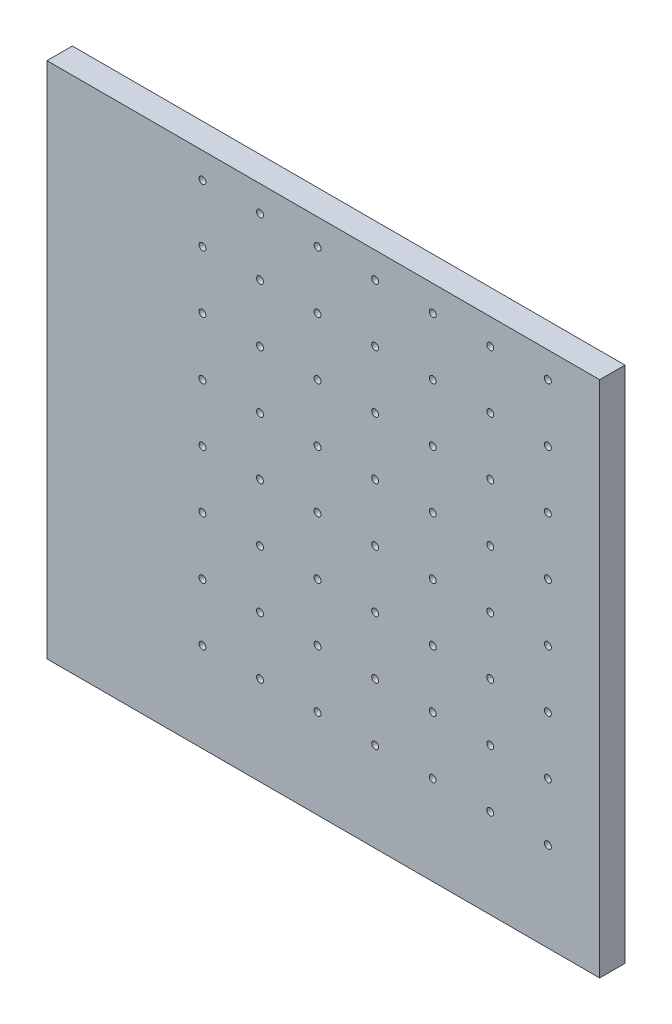
SolidWorks part; units mm, degrees
ref_plane "Front" through (0, 0, 0) normal (0, 0, 1) x (1, 0, 0)
ref_plane "Top" through (0, 0, 0) normal (0, 1, 0) x (1, 0, 0)
ref_plane "Right" through (0, 0, 0) normal (1, 0, 0) x (0, 0, -1)
sketch "Esquisse1" plane through (0, 0, 0) normal (0, 0, 1) x (1, 0, 0)
  line L1 (0, 0) -> (480, 0)
  line L2 (0, 0) -> (0, 450)
  line L3 (0, 450) -> (480, 450)
  line L4 (480, 0) -> (480, 450)
  dimension "D1" = 480
  dimension "D2" = 450
extrude "Boss.-Extru.1" add sketch "Esquisse1" along normal blind 22
sketch "Esquisse2" plane through (0, 0, 22) normal (0, 0, 1) x (1, 0, 0)
  line L0 (260, 115) -> (260, 25) construction
  line L1 (110, 390) -> (410, 390)
  line L2 (110, 390) -> (110, 115)
  line L3 (110, 115) -> (410, 115)
  line L4 (410, 390) -> (410, 115)
  line L5 (0, 0) -> (480, 0) construction
  line L6 (0, 450) -> (0, 0) construction
  line L7 (480, 450) -> (0, 450) construction
  line L8 (480, 0) -> (480, 450) construction
  dimension "D1" = 115
  dimension "D2" = 110
  dimension "D3" = 60
  dimension "D4" = 70
extrude "Enlèv. mat.-Extru.1" cut sketch "Esquisse2" along normal blind 1 from vertex starting at point (0, 450, 0)
sketch "Esquisse3" plane through (0, 0, 0) normal (0, 0, -1) x (-1, 0, 0)
  line L3 (-410, 252.5) -> (-110, 252.5) construction
  line L4 (-410, 115) -> (-410, 390) construction
  line L5 (-110, 390) -> (-110, 115) construction
  line L6 (-360, 252.5) -> (-360, 281.622) construction
  line L7 (-160, 252.5) -> (-160, 281.622) construction
  line L8 (-285, 302.5) -> (-255.5628, 302.5) construction
  line L9 (-160, 352.5) -> (-160, 323.378) construction
  line L10 (-360, 352.5) -> (-360, 323.378) construction
  line L11 (-410, 352.5) -> (-110, 352.5) construction
  line L16 (-314.1888, 402.5) -> (-265.4372, 402.5) construction
  line L17 (-480, 0) -> (-480, 450) construction
  line L18 (0, 0) -> (-480, 0) construction
  circle A0 centre (-435, 277.5) radius 3
  circle A1 centre (-385, 277.5) radius 3
  circle A2 centre (-185, 77.5) radius 3
  circle A3 centre (-135, 77.5) radius 3
  circle A4 centre (-235, 77.5) radius 3
  circle A5 centre (-335, 77.5) radius 3
  circle A6 centre (-335, 277.5) radius 3
  circle A7 centre (-285, 277.5) radius 3
  circle A8 centre (-235, 277.5) radius 3
  circle A9 centre (-285, 77.5) radius 3
  circle A10 centre (-435, 77.5) radius 3
  circle A11 centre (-385, 77.5) radius 3
  circle A12 centre (-185, 277.5) radius 3
  circle A13 centre (-135, 277.5) radius 3
  circle A14 centre (-135, 327.5) radius 3
  circle A15 centre (-185, 327.5) radius 3
  circle A16 centre (-185, 377.5) radius 3
  circle A17 centre (-135, 377.5) radius 3
  circle A18 centre (-235, 377.5) radius 3
  circle A19 centre (-235, 327.5) radius 3
  circle A20 centre (-285, 327.5) radius 3
  circle A21 centre (-335, 327.5) radius 3
  circle A22 centre (-335, 377.5) radius 3
  circle A23 centre (-285, 377.5) radius 3
  circle A24 centre (-435, 377.5) radius 3
  circle A25 centre (-385, 377.5) radius 3
  circle A26 centre (-385, 327.5) radius 3
  circle A27 centre (-435, 327.5) radius 3
  circle A28 centre (-435, 177.5) radius 3
  circle A29 centre (-385, 177.5) radius 3
  circle A30 centre (-385, 127.5) radius 3
  circle A31 centre (-435, 127.5) radius 3
  circle A32 centre (-285, 127.5) radius 3
  circle A33 centre (-335, 127.5) radius 3
  circle A34 centre (-335, 177.5) radius 3
  circle A35 centre (-285, 177.5) radius 3
  circle A36 centre (-235, 177.5) radius 3
  circle A37 centre (-235, 127.5) radius 3
  circle A38 centre (-135, 127.5) radius 3
  circle A39 centre (-185, 127.5) radius 3
  circle A40 centre (-185, 177.5) radius 3
  circle A41 centre (-135, 177.5) radius 3
  circle A42 centre (-135, 227.5) radius 3
  circle A43 centre (-185, 227.5) radius 3
  circle A44 centre (-235, 227.5) radius 3
  circle A45 centre (-285, 227.5) radius 3
  circle A46 centre (-335, 227.5) radius 3
  circle A47 centre (-385, 227.5) radius 3
  circle A48 centre (-435, 227.5) radius 3
  circle A49 centre (-385, 427.5) radius 3
  circle A50 centre (-435, 427.5) radius 3
  circle A51 centre (-285, 427.5) radius 3
  circle A52 centre (-335, 427.5) radius 3
  circle A53 centre (-235, 427.5) radius 3
  circle A54 centre (-135, 427.5) radius 3
  circle A55 centre (-185, 427.5) radius 3
  dimension "D1" = 6
  dimension "D3" = 25
  dimension "D4" = 50
  dimension "D5" = 50
  dimension "D6" = 50
  dimension "D9" = 175
  dimension "D11" = 225
  dimension "D12" = 275
  dimension "D13" = 25
  dimension "D15" = 125
extrude "Enlèv. mat.-Extru.2" cut sketch "Esquisse3" against normal through all

_ _ _ _ _ _ _

Transcribe the records above exactly, beginning at the line that contains "(0, 450, 0)" and ending with the line that contains "line L6 (-360, 252.5)", both included, and nothing else.

extrude "Enlèv. mat.-Extru.1" cut sketch "Esquisse2" along normal blind 1 from vertex starting at point (0, 450, 0)
sketch "Esquisse3" plane through (0, 0, 0) normal (0, 0, -1) x (-1, 0, 0)
  line L3 (-410, 252.5) -> (-110, 252.5) construction
  line L4 (-410, 115) -> (-410, 390) construction
  line L5 (-110, 390) -> (-110, 115) construction
  line L6 (-360, 252.5) -> (-360, 281.622) construction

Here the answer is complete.